Source information.
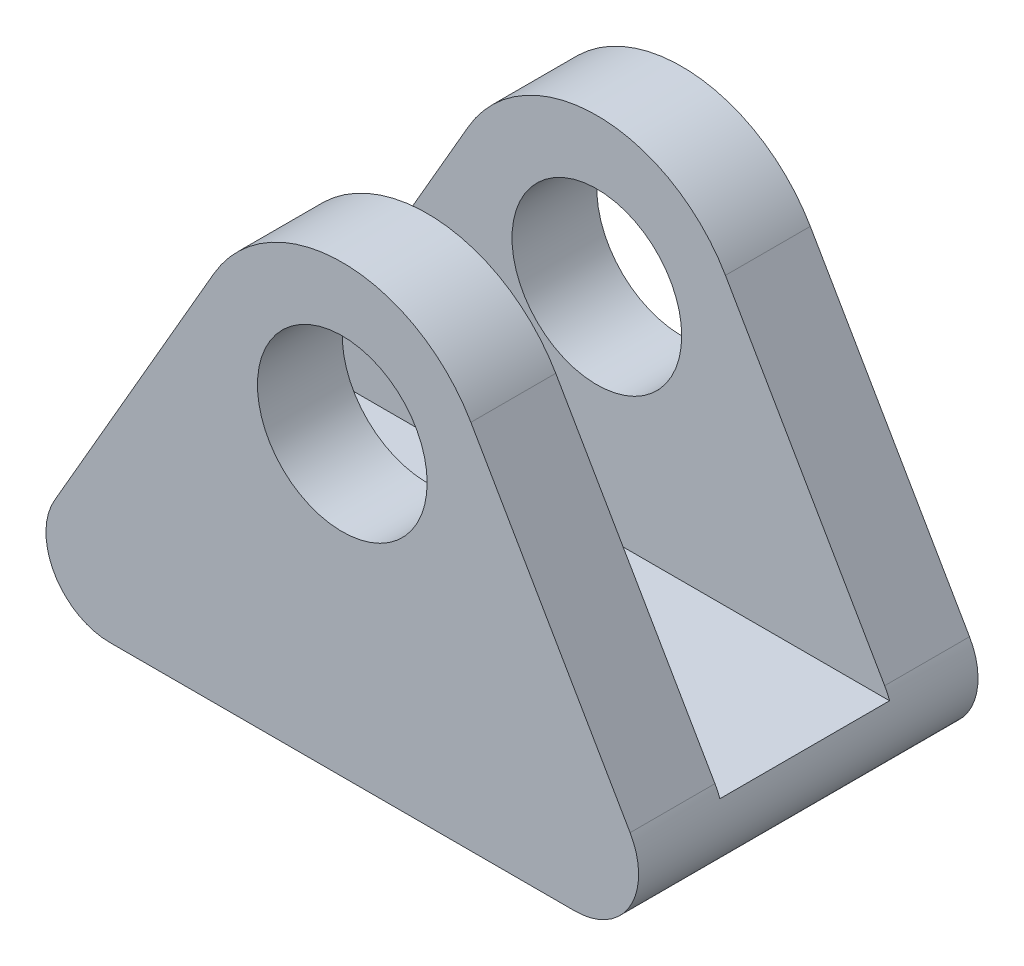
ISO-10303-21;
HEADER;
FILE_DESCRIPTION(('STEP AP214'),'2;1');
FILE_NAME('part.step','',(''),(''),'','','');
FILE_SCHEMA(('AUTOMOTIVE_DESIGN { 1 0 10303 214 1 1 1 1 }'));
ENDSEC;
DATA;
#1=APPLICATION_CONTEXT('core data for automotive mechanical design processes');
#2=APPLICATION_PROTOCOL_DEFINITION('international standard','automotive_design',2000,#1);
#3=PRODUCT_CONTEXT('',#1,'mechanical');
#4=PRODUCT('Part','Part','',(#3));
#5=PRODUCT_RELATED_PRODUCT_CATEGORY('part','',(#4));
#6=PRODUCT_DEFINITION_FORMATION('','',#4);
#7=PRODUCT_DEFINITION_CONTEXT('part definition',#1,'design');
#8=PRODUCT_DEFINITION('design','',#6,#7);
#9=PRODUCT_DEFINITION_SHAPE('','',#8);
#10=(LENGTH_UNIT() NAMED_UNIT(*) SI_UNIT(.MILLI.,.METRE.));
#11=(NAMED_UNIT(*) PLANE_ANGLE_UNIT() SI_UNIT($,.RADIAN.));
#12=(NAMED_UNIT(*) SI_UNIT($,.STERADIAN.) SOLID_ANGLE_UNIT());
#13=UNCERTAINTY_MEASURE_WITH_UNIT(LENGTH_MEASURE(1.E-05),#10,'distance_accuracy_value','');
#14=(GEOMETRIC_REPRESENTATION_CONTEXT(3) GLOBAL_UNCERTAINTY_ASSIGNED_CONTEXT((#13)) GLOBAL_UNIT_ASSIGNED_CONTEXT((#10,
#11,#12)) REPRESENTATION_CONTEXT('',''));
#15=CARTESIAN_POINT('',(0.,0.,0.));
#16=DIRECTION('',(0.,0.,1.));
#17=DIRECTION('',(1.,0.,0.));
#18=AXIS2_PLACEMENT_3D('',#15,#16,#17);
#19=CARTESIAN_POINT('',(16.1658075373096,-14.,4.));
#20=DIRECTION('',(-0.866025403784436,-0.500000000000004,0.));
#21=DIRECTION('',(0.500000000000004,-0.866025403784436,0.));
#22=AXIS2_PLACEMENT_3D('',#19,#20,#21);
#23=PLANE('',#22);
#24=DIRECTION('',(-0.500000000000004,0.866025403784436,0.));
#25=VECTOR('',#24,1.);
#26=CARTESIAN_POINT('',(16.1658075373096,-14.,4.));
#27=LINE('',#26,#25);
#28=CARTESIAN_POINT('',(13.5677313259563,-9.49999999999999,4.));
#29=VERTEX_POINT('',#28);
#30=CARTESIAN_POINT('',(6.06217782649106,3.50000000000003,4.));
#31=VERTEX_POINT('',#30);
#32=EDGE_CURVE('E192',#29,#31,#27,.T.);
#33=ORIENTED_EDGE('',*,*,#32,.F.);
#34=DIRECTION('',(0.,0.,-1.));
#35=VECTOR('',#34,1.);
#36=CARTESIAN_POINT('',(13.5677313259563,-9.49999999999999,4.));
#37=LINE('',#36,#35);
#38=CARTESIAN_POINT('',(13.5677313259563,-9.49999999999999,0.));
#39=VERTEX_POINT('',#38);
#40=EDGE_CURVE('E11',#29,#39,#37,.T.);
#41=ORIENTED_EDGE('',*,*,#40,.T.);
#42=DIRECTION('',(-0.500000000000004,0.866025403784436,0.));
#43=VECTOR('',#42,1.);
#44=CARTESIAN_POINT('',(16.1658075373096,-14.,0.));
#45=LINE('',#44,#43);
#46=CARTESIAN_POINT('',(6.06217782649106,3.50000000000003,0.));
#47=VERTEX_POINT('',#46);
#48=EDGE_CURVE('E187',#39,#47,#45,.T.);
#49=ORIENTED_EDGE('',*,*,#48,.T.);
#50=DIRECTION('',(0.,0.,-1.));
#51=VECTOR('',#50,1.);
#52=CARTESIAN_POINT('',(6.06217782649106,3.50000000000003,4.));
#53=LINE('',#52,#51);
#54=EDGE_CURVE('E194',#31,#47,#53,.T.);
#55=ORIENTED_EDGE('',*,*,#54,.F.);
#56=EDGE_LOOP('',(#33,#41,#49,#55));
#57=FACE_BOUND('',#56,.T.);
#58=ADVANCED_FACE('F39',(#57),#23,.F.);
#59=CARTESIAN_POINT('',(-6.06217782649105,3.50000000000003,4.));
#60=DIRECTION('',(0.866025403784436,-0.500000000000004,0.));
#61=DIRECTION('',(0.500000000000004,0.866025403784436,0.));
#62=AXIS2_PLACEMENT_3D('',#59,#60,#61);
#63=PLANE('',#62);
#64=DIRECTION('',(-0.500000000000004,-0.866025403784436,0.));
#65=VECTOR('',#64,1.);
#66=CARTESIAN_POINT('',(-6.06217782649105,3.50000000000003,-12.));
#67=LINE('',#66,#65);
#68=CARTESIAN_POINT('',(-6.06217782649105,3.50000000000003,-12.));
#69=VERTEX_POINT('',#68);
#70=CARTESIAN_POINT('',(-13.5677313259563,-9.49999999999998,-12.));
#71=VERTEX_POINT('',#70);
#72=EDGE_CURVE('E154',#69,#71,#67,.T.);
#73=ORIENTED_EDGE('',*,*,#72,.T.);
#74=DIRECTION('',(0.,0.,-1.));
#75=VECTOR('',#74,1.);
#76=CARTESIAN_POINT('',(-13.5677313259563,-9.49999999999998,4.));
#77=LINE('',#76,#75);
#78=CARTESIAN_POINT('',(-13.5677313259563,-9.49999999999998,-8.));
#79=VERTEX_POINT('',#78);
#80=EDGE_CURVE('E217',#71,#79,#77,.F.);
#81=ORIENTED_EDGE('',*,*,#80,.T.);
#82=DIRECTION('',(-0.500000000000004,-0.866025403784436,0.));
#83=VECTOR('',#82,1.);
#84=CARTESIAN_POINT('',(-6.06217782649105,3.50000000000003,-8.));
#85=LINE('',#84,#83);
#86=CARTESIAN_POINT('',(-6.06217782649105,3.50000000000003,-8.));
#87=VERTEX_POINT('',#86);
#88=EDGE_CURVE('E155',#87,#79,#85,.T.);
#89=ORIENTED_EDGE('',*,*,#88,.F.);
#90=DIRECTION('',(0.,0.,1.));
#91=VECTOR('',#90,1.);
#92=CARTESIAN_POINT('',(-6.06217782649105,3.50000000000003,-12.));
#93=LINE('',#92,#91);
#94=EDGE_CURVE('E149',#69,#87,#93,.T.);
#95=ORIENTED_EDGE('',*,*,#94,.F.);
#96=EDGE_LOOP('',(#73,#81,#89,#95));
#97=FACE_BOUND('',#96,.T.);
#98=ADVANCED_FACE('F246',(#97),#63,.F.);
#99=CARTESIAN_POINT('',(0.,0.,0.));
#100=DIRECTION('',(0.,0.,1.));
#101=DIRECTION('',(1.,0.,0.));
#102=AXIS2_PLACEMENT_3D('',#99,#100,#101);
#103=PLANE('',#102);
#104=CARTESIAN_POINT('',(0.,0.,0.));
#105=DIRECTION('',(0.,0.,1.));
#106=DIRECTION('',(1.,0.,0.));
#107=AXIS2_PLACEMENT_3D('',#104,#105,#106);
#108=CIRCLE('',#107,4.);
#109=CARTESIAN_POINT('',(4.,0.,0.));
#110=VERTEX_POINT('',#109);
#111=EDGE_CURVE('E174',#110,#110,#108,.T.);
#112=ORIENTED_EDGE('',*,*,#111,.T.);
#113=EDGE_LOOP('',(#112));
#114=FACE_BOUND('',#113,.T.);
#115=DIRECTION('',(1.,0.,0.));
#116=VECTOR('',#115,1.);
#117=CARTESIAN_POINT('',(13.8564064605511,-10.,0.));
#118=LINE('',#117,#116);
#119=CARTESIAN_POINT('',(-13.7980822393492,-10.,0.));
#120=VERTEX_POINT('',#119);
#121=CARTESIAN_POINT('',(13.7980822393492,-10.,0.));
#122=VERTEX_POINT('',#121);
#123=EDGE_CURVE('E148',#120,#122,#118,.T.);
#124=ORIENTED_EDGE('',*,*,#123,.F.);
#125=CARTESIAN_POINT('',(-10.969655114603,-11.,0.));
#126=DIRECTION('',(0.,0.,1.));
#127=DIRECTION('',(1.,0.,0.));
#128=AXIS2_PLACEMENT_3D('',#125,#126,#127);
#129=CIRCLE('',#128,3.);
#130=CARTESIAN_POINT('',(-13.5677313259563,-9.49999999999998,0.));
#131=VERTEX_POINT('',#130);
#132=EDGE_CURVE('E228',#120,#131,#129,.F.);
#133=ORIENTED_EDGE('',*,*,#132,.T.);
#134=DIRECTION('',(-0.500000000000004,-0.866025403784436,0.));
#135=VECTOR('',#134,1.);
#136=CARTESIAN_POINT('',(-6.06217782649105,3.50000000000003,0.));
#137=LINE('',#136,#135);
#138=CARTESIAN_POINT('',(-6.06217782649105,3.50000000000003,0.));
#139=VERTEX_POINT('',#138);
#140=EDGE_CURVE('E197',#139,#131,#137,.T.);
#141=ORIENTED_EDGE('',*,*,#140,.F.);
#142=CARTESIAN_POINT('',(0.,0.,0.));
#143=DIRECTION('',(0.,0.,1.));
#144=DIRECTION('',(1.,0.,0.));
#145=AXIS2_PLACEMENT_3D('',#142,#143,#144);
#146=CIRCLE('',#145,7.);
#147=EDGE_CURVE('E180',#47,#139,#146,.T.);
#148=ORIENTED_EDGE('',*,*,#147,.F.);
#149=ORIENTED_EDGE('',*,*,#48,.F.);
#150=CARTESIAN_POINT('',(10.969655114603,-11.,0.));
#151=DIRECTION('',(0.,0.,1.));
#152=DIRECTION('',(1.,0.,0.));
#153=AXIS2_PLACEMENT_3D('',#150,#151,#152);
#154=CIRCLE('',#153,3.);
#155=EDGE_CURVE('E62',#39,#122,#154,.F.);
#156=ORIENTED_EDGE('',*,*,#155,.T.);
#157=EDGE_LOOP('',(#124,#133,#141,#148,#149,#156));
#158=FACE_BOUND('',#157,.T.);
#159=ADVANCED_FACE('F257',(#114,#158),#103,.F.);
#160=CARTESIAN_POINT('',(0.,0.,4.));
#161=DIRECTION('',(0.,0.,1.));
#162=DIRECTION('',(1.,0.,0.));
#163=AXIS2_PLACEMENT_3D('',#160,#161,#162);
#164=PLANE('',#163);
#165=DIRECTION('',(-0.500000000000004,-0.866025403784436,0.));
#166=VECTOR('',#165,1.);
#167=CARTESIAN_POINT('',(-6.06217782649105,3.50000000000003,4.));
#168=LINE('',#167,#166);
#169=CARTESIAN_POINT('',(-6.06217782649105,3.50000000000003,4.));
#170=VERTEX_POINT('',#169);
#171=CARTESIAN_POINT('',(-13.5677313259563,-9.49999999999998,4.));
#172=VERTEX_POINT('',#171);
#173=EDGE_CURVE('E186',#170,#172,#168,.T.);
#174=ORIENTED_EDGE('',*,*,#173,.T.);
#175=CARTESIAN_POINT('',(-10.969655114603,-11.,4.));
#176=DIRECTION('',(0.,0.,1.));
#177=DIRECTION('',(1.,0.,0.));
#178=AXIS2_PLACEMENT_3D('',#175,#176,#177);
#179=CIRCLE('',#178,3.);
#180=CARTESIAN_POINT('',(-10.969655114603,-14.,4.));
#181=VERTEX_POINT('',#180);
#182=EDGE_CURVE('E231',#172,#181,#179,.T.);
#183=ORIENTED_EDGE('',*,*,#182,.T.);
#184=DIRECTION('',(1.,0.,0.));
#185=VECTOR('',#184,1.);
#186=CARTESIAN_POINT('',(-16.1658075373096,-14.,4.));
#187=LINE('',#186,#185);
#188=CARTESIAN_POINT('',(10.969655114603,-14.,4.));
#189=VERTEX_POINT('',#188);
#190=EDGE_CURVE('E190',#181,#189,#187,.T.);
#191=ORIENTED_EDGE('',*,*,#190,.T.);
#192=CARTESIAN_POINT('',(10.969655114603,-11.,4.));
#193=DIRECTION('',(0.,0.,1.));
#194=DIRECTION('',(1.,0.,0.));
#195=AXIS2_PLACEMENT_3D('',#192,#193,#194);
#196=CIRCLE('',#195,3.);
#197=EDGE_CURVE('E54',#189,#29,#196,.T.);
#198=ORIENTED_EDGE('',*,*,#197,.T.);
#199=ORIENTED_EDGE('',*,*,#32,.T.);
#200=CARTESIAN_POINT('',(0.,0.,4.));
#201=DIRECTION('',(0.,0.,1.));
#202=DIRECTION('',(1.,0.,0.));
#203=AXIS2_PLACEMENT_3D('',#200,#201,#202);
#204=CIRCLE('',#203,7.);
#205=EDGE_CURVE('E183',#31,#170,#204,.T.);
#206=ORIENTED_EDGE('',*,*,#205,.T.);
#207=EDGE_LOOP('',(#174,#183,#191,#198,#199,#206));
#208=FACE_BOUND('',#207,.T.);
#209=CARTESIAN_POINT('',(0.,0.,4.));
#210=DIRECTION('',(0.,0.,1.));
#211=DIRECTION('',(1.,0.,0.));
#212=AXIS2_PLACEMENT_3D('',#209,#210,#211);
#213=CIRCLE('',#212,4.);
#214=CARTESIAN_POINT('',(4.,0.,4.));
#215=VERTEX_POINT('',#214);
#216=EDGE_CURVE('E177',#215,#215,#213,.T.);
#217=ORIENTED_EDGE('',*,*,#216,.F.);
#218=EDGE_LOOP('',(#217));
#219=FACE_BOUND('',#218,.T.);
#220=ADVANCED_FACE('F234',(#208,#219),#164,.T.);
#221=CARTESIAN_POINT('',(0.,0.,4.));
#222=DIRECTION('',(0.,0.,-1.));
#223=DIRECTION('',(-1.,0.,0.));
#224=AXIS2_PLACEMENT_3D('',#221,#222,#223);
#225=CYLINDRICAL_SURFACE('',#224,7.);
#226=ORIENTED_EDGE('',*,*,#147,.T.);
#227=DIRECTION('',(0.,0.,-1.));
#228=VECTOR('',#227,1.);
#229=CARTESIAN_POINT('',(-6.06217782649105,3.50000000000003,4.));
#230=LINE('',#229,#228);
#231=EDGE_CURVE('E203',#170,#139,#230,.T.);
#232=ORIENTED_EDGE('',*,*,#231,.F.);
#233=ORIENTED_EDGE('',*,*,#205,.F.);
#234=ORIENTED_EDGE('',*,*,#54,.T.);
#235=EDGE_LOOP('',(#226,#232,#233,#234));
#236=FACE_BOUND('',#235,.T.);
#237=ADVANCED_FACE('F260',(#236),#225,.T.);
#238=ORIENTED_EDGE('',*,*,#140,.T.);
#239=DIRECTION('',(0.,0.,-1.));
#240=VECTOR('',#239,1.);
#241=CARTESIAN_POINT('',(-13.5677313259563,-9.49999999999998,4.));
#242=LINE('',#241,#240);
#243=EDGE_CURVE('E215',#131,#172,#242,.F.);
#244=ORIENTED_EDGE('',*,*,#243,.T.);
#245=ORIENTED_EDGE('',*,*,#173,.F.);
#246=ORIENTED_EDGE('',*,*,#231,.T.);
#247=EDGE_LOOP('',(#238,#244,#245,#246));
#248=FACE_BOUND('',#247,.T.);
#249=ADVANCED_FACE('F263',(#248),#63,.F.);
#250=CARTESIAN_POINT('',(-16.1658075373096,-14.,4.));
#251=DIRECTION('',(0.,1.,0.));
#252=DIRECTION('',(-1.,0.,0.));
#253=AXIS2_PLACEMENT_3D('',#250,#251,#252);
#254=PLANE('',#253);
#255=ORIENTED_EDGE('',*,*,#190,.F.);
#256=DIRECTION('',(0.,0.,-1.));
#257=VECTOR('',#256,1.);
#258=CARTESIAN_POINT('',(-10.969655114603,-14.,4.));
#259=LINE('',#258,#257);
#260=CARTESIAN_POINT('',(-10.969655114603,-14.,-12.));
#261=VERTEX_POINT('',#260);
#262=EDGE_CURVE('E208',#181,#261,#259,.T.);
#263=ORIENTED_EDGE('',*,*,#262,.T.);
#264=DIRECTION('',(1.,0.,0.));
#265=VECTOR('',#264,1.);
#266=CARTESIAN_POINT('',(-16.1658075373096,-14.,-12.));
#267=LINE('',#266,#265);
#268=CARTESIAN_POINT('',(10.969655114603,-14.,-12.));
#269=VERTEX_POINT('',#268);
#270=EDGE_CURVE('E139',#261,#269,#267,.T.);
#271=ORIENTED_EDGE('',*,*,#270,.T.);
#272=DIRECTION('',(0.,0.,-1.));
#273=VECTOR('',#272,1.);
#274=CARTESIAN_POINT('',(10.969655114603,-14.,4.));
#275=LINE('',#274,#273);
#276=EDGE_CURVE('E206',#269,#189,#275,.F.);
#277=ORIENTED_EDGE('',*,*,#276,.T.);
#278=EDGE_LOOP('',(#255,#263,#271,#277));
#279=FACE_BOUND('',#278,.T.);
#280=ADVANCED_FACE('F240',(#279),#254,.F.);
#281=DIRECTION('',(-0.500000000000004,0.866025403784436,0.));
#282=VECTOR('',#281,1.);
#283=CARTESIAN_POINT('',(16.1658075373096,-14.,-8.));
#284=LINE('',#283,#282);
#285=CARTESIAN_POINT('',(13.5677313259563,-9.49999999999999,-8.));
#286=VERTEX_POINT('',#285);
#287=CARTESIAN_POINT('',(6.06217782649106,3.50000000000003,-8.));
#288=VERTEX_POINT('',#287);
#289=EDGE_CURVE('E158',#286,#288,#284,.T.);
#290=ORIENTED_EDGE('',*,*,#289,.F.);
#291=DIRECTION('',(0.,0.,-1.));
#292=VECTOR('',#291,1.);
#293=CARTESIAN_POINT('',(13.5677313259563,-9.49999999999999,4.));
#294=LINE('',#293,#292);
#295=CARTESIAN_POINT('',(13.5677313259563,-9.49999999999999,-12.));
#296=VERTEX_POINT('',#295);
#297=EDGE_CURVE('E47',#286,#296,#294,.T.);
#298=ORIENTED_EDGE('',*,*,#297,.T.);
#299=DIRECTION('',(-0.500000000000004,0.866025403784436,0.));
#300=VECTOR('',#299,1.);
#301=CARTESIAN_POINT('',(16.1658075373096,-14.,-12.));
#302=LINE('',#301,#300);
#303=CARTESIAN_POINT('',(6.06217782649106,3.50000000000003,-12.));
#304=VERTEX_POINT('',#303);
#305=EDGE_CURVE('E129',#296,#304,#302,.T.);
#306=ORIENTED_EDGE('',*,*,#305,.T.);
#307=DIRECTION('',(0.,0.,1.));
#308=VECTOR('',#307,1.);
#309=CARTESIAN_POINT('',(6.06217782649106,3.50000000000003,-12.));
#310=LINE('',#309,#308);
#311=EDGE_CURVE('E133',#304,#288,#310,.T.);
#312=ORIENTED_EDGE('',*,*,#311,.T.);
#313=EDGE_LOOP('',(#290,#298,#306,#312));
#314=FACE_BOUND('',#313,.T.);
#315=ADVANCED_FACE('F132',(#314),#23,.F.);
#316=CARTESIAN_POINT('',(0.,0.,4.));
#317=DIRECTION('',(0.,0.,-1.));
#318=DIRECTION('',(-1.,0.,0.));
#319=AXIS2_PLACEMENT_3D('',#316,#317,#318);
#320=CYLINDRICAL_SURFACE('',#319,4.);
#321=ORIENTED_EDGE('',*,*,#216,.T.);
#322=EDGE_LOOP('',(#321));
#323=FACE_BOUND('',#322,.T.);
#324=ORIENTED_EDGE('',*,*,#111,.F.);
#325=EDGE_LOOP('',(#324));
#326=FACE_BOUND('',#325,.T.);
#327=ADVANCED_FACE('F270',(#323,#326),#320,.F.);
#328=CARTESIAN_POINT('',(13.8564064605511,-10.,-8.));
#329=DIRECTION('',(0.,-1.,0.));
#330=DIRECTION('',(0.,0.,-1.));
#331=AXIS2_PLACEMENT_3D('',#328,#329,#330);
#332=PLANE('',#331);
#333=DIRECTION('',(1.,0.,0.));
#334=VECTOR('',#333,1.);
#335=CARTESIAN_POINT('',(13.8564064605511,-10.,-8.));
#336=LINE('',#335,#334);
#337=CARTESIAN_POINT('',(-13.7980822393492,-10.,-8.));
#338=VERTEX_POINT('',#337);
#339=CARTESIAN_POINT('',(13.7980822393492,-10.,-8.));
#340=VERTEX_POINT('',#339);
#341=EDGE_CURVE('E171',#338,#340,#336,.T.);
#342=ORIENTED_EDGE('',*,*,#341,.F.);
#343=DIRECTION('',(0.,0.,-1.));
#344=VECTOR('',#343,1.);
#345=CARTESIAN_POINT('',(-13.7980822393492,-10.,-8.));
#346=LINE('',#345,#344);
#347=EDGE_CURVE('E225',#338,#120,#346,.F.);
#348=ORIENTED_EDGE('',*,*,#347,.T.);
#349=ORIENTED_EDGE('',*,*,#123,.T.);
#350=DIRECTION('',(0.,0.,-1.));
#351=VECTOR('',#350,1.);
#352=CARTESIAN_POINT('',(13.7980822393492,-10.,0.));
#353=LINE('',#352,#351);
#354=EDGE_CURVE('E223',#122,#340,#353,.T.);
#355=ORIENTED_EDGE('',*,*,#354,.T.);
#356=EDGE_LOOP('',(#342,#348,#349,#355));
#357=FACE_BOUND('',#356,.T.);
#358=ADVANCED_FACE('F268',(#357),#332,.F.);
#359=CARTESIAN_POINT('',(0.,0.,-8.));
#360=DIRECTION('',(0.,0.,-1.));
#361=DIRECTION('',(1.,0.,0.));
#362=AXIS2_PLACEMENT_3D('',#359,#360,#361);
#363=PLANE('',#362);
#364=CARTESIAN_POINT('',(0.,0.,-8.));
#365=DIRECTION('',(0.,0.,1.));
#366=DIRECTION('',(1.,0.,0.));
#367=AXIS2_PLACEMENT_3D('',#364,#365,#366);
#368=CIRCLE('',#367,4.);
#369=CARTESIAN_POINT('',(4.,0.,-8.));
#370=VERTEX_POINT('',#369);
#371=EDGE_CURVE('E161',#370,#370,#368,.T.);
#372=ORIENTED_EDGE('',*,*,#371,.F.);
#373=EDGE_LOOP('',(#372));
#374=FACE_BOUND('',#373,.T.);
#375=ORIENTED_EDGE('',*,*,#88,.T.);
#376=CARTESIAN_POINT('',(-10.969655114603,-11.,-8.));
#377=DIRECTION('',(0.,0.,-1.));
#378=DIRECTION('',(-1.,0.,0.));
#379=AXIS2_PLACEMENT_3D('',#376,#377,#378);
#380=CIRCLE('',#379,3.);
#381=EDGE_CURVE('E221',#79,#338,#380,.F.);
#382=ORIENTED_EDGE('',*,*,#381,.T.);
#383=ORIENTED_EDGE('',*,*,#341,.T.);
#384=CARTESIAN_POINT('',(10.969655114603,-11.,-8.));
#385=DIRECTION('',(0.,0.,-1.));
#386=DIRECTION('',(-1.,0.,0.));
#387=AXIS2_PLACEMENT_3D('',#384,#385,#386);
#388=CIRCLE('',#387,3.);
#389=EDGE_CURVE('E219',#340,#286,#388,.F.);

Required work. In the entries above, please find the line with "#49=ORIENTED_EDGE('',*,*,#48,.T.);" and the line with "#60=DIRECTION('',(0.866025403784436,-0.500000000000004,0.));", then write out exactly those two lines and every line between them, and nothing more.

Answer to this exercise.
#49=ORIENTED_EDGE('',*,*,#48,.T.);
#50=DIRECTION('',(0.,0.,-1.));
#51=VECTOR('',#50,1.);
#52=CARTESIAN_POINT('',(6.06217782649106,3.50000000000003,4.));
#53=LINE('',#52,#51);
#54=EDGE_CURVE('E194',#31,#47,#53,.T.);
#55=ORIENTED_EDGE('',*,*,#54,.F.);
#56=EDGE_LOOP('',(#33,#41,#49,#55));
#57=FACE_BOUND('',#56,.T.);
#58=ADVANCED_FACE('F39',(#57),#23,.F.);
#59=CARTESIAN_POINT('',(-6.06217782649105,3.50000000000003,4.));
#60=DIRECTION('',(0.866025403784436,-0.500000000000004,0.));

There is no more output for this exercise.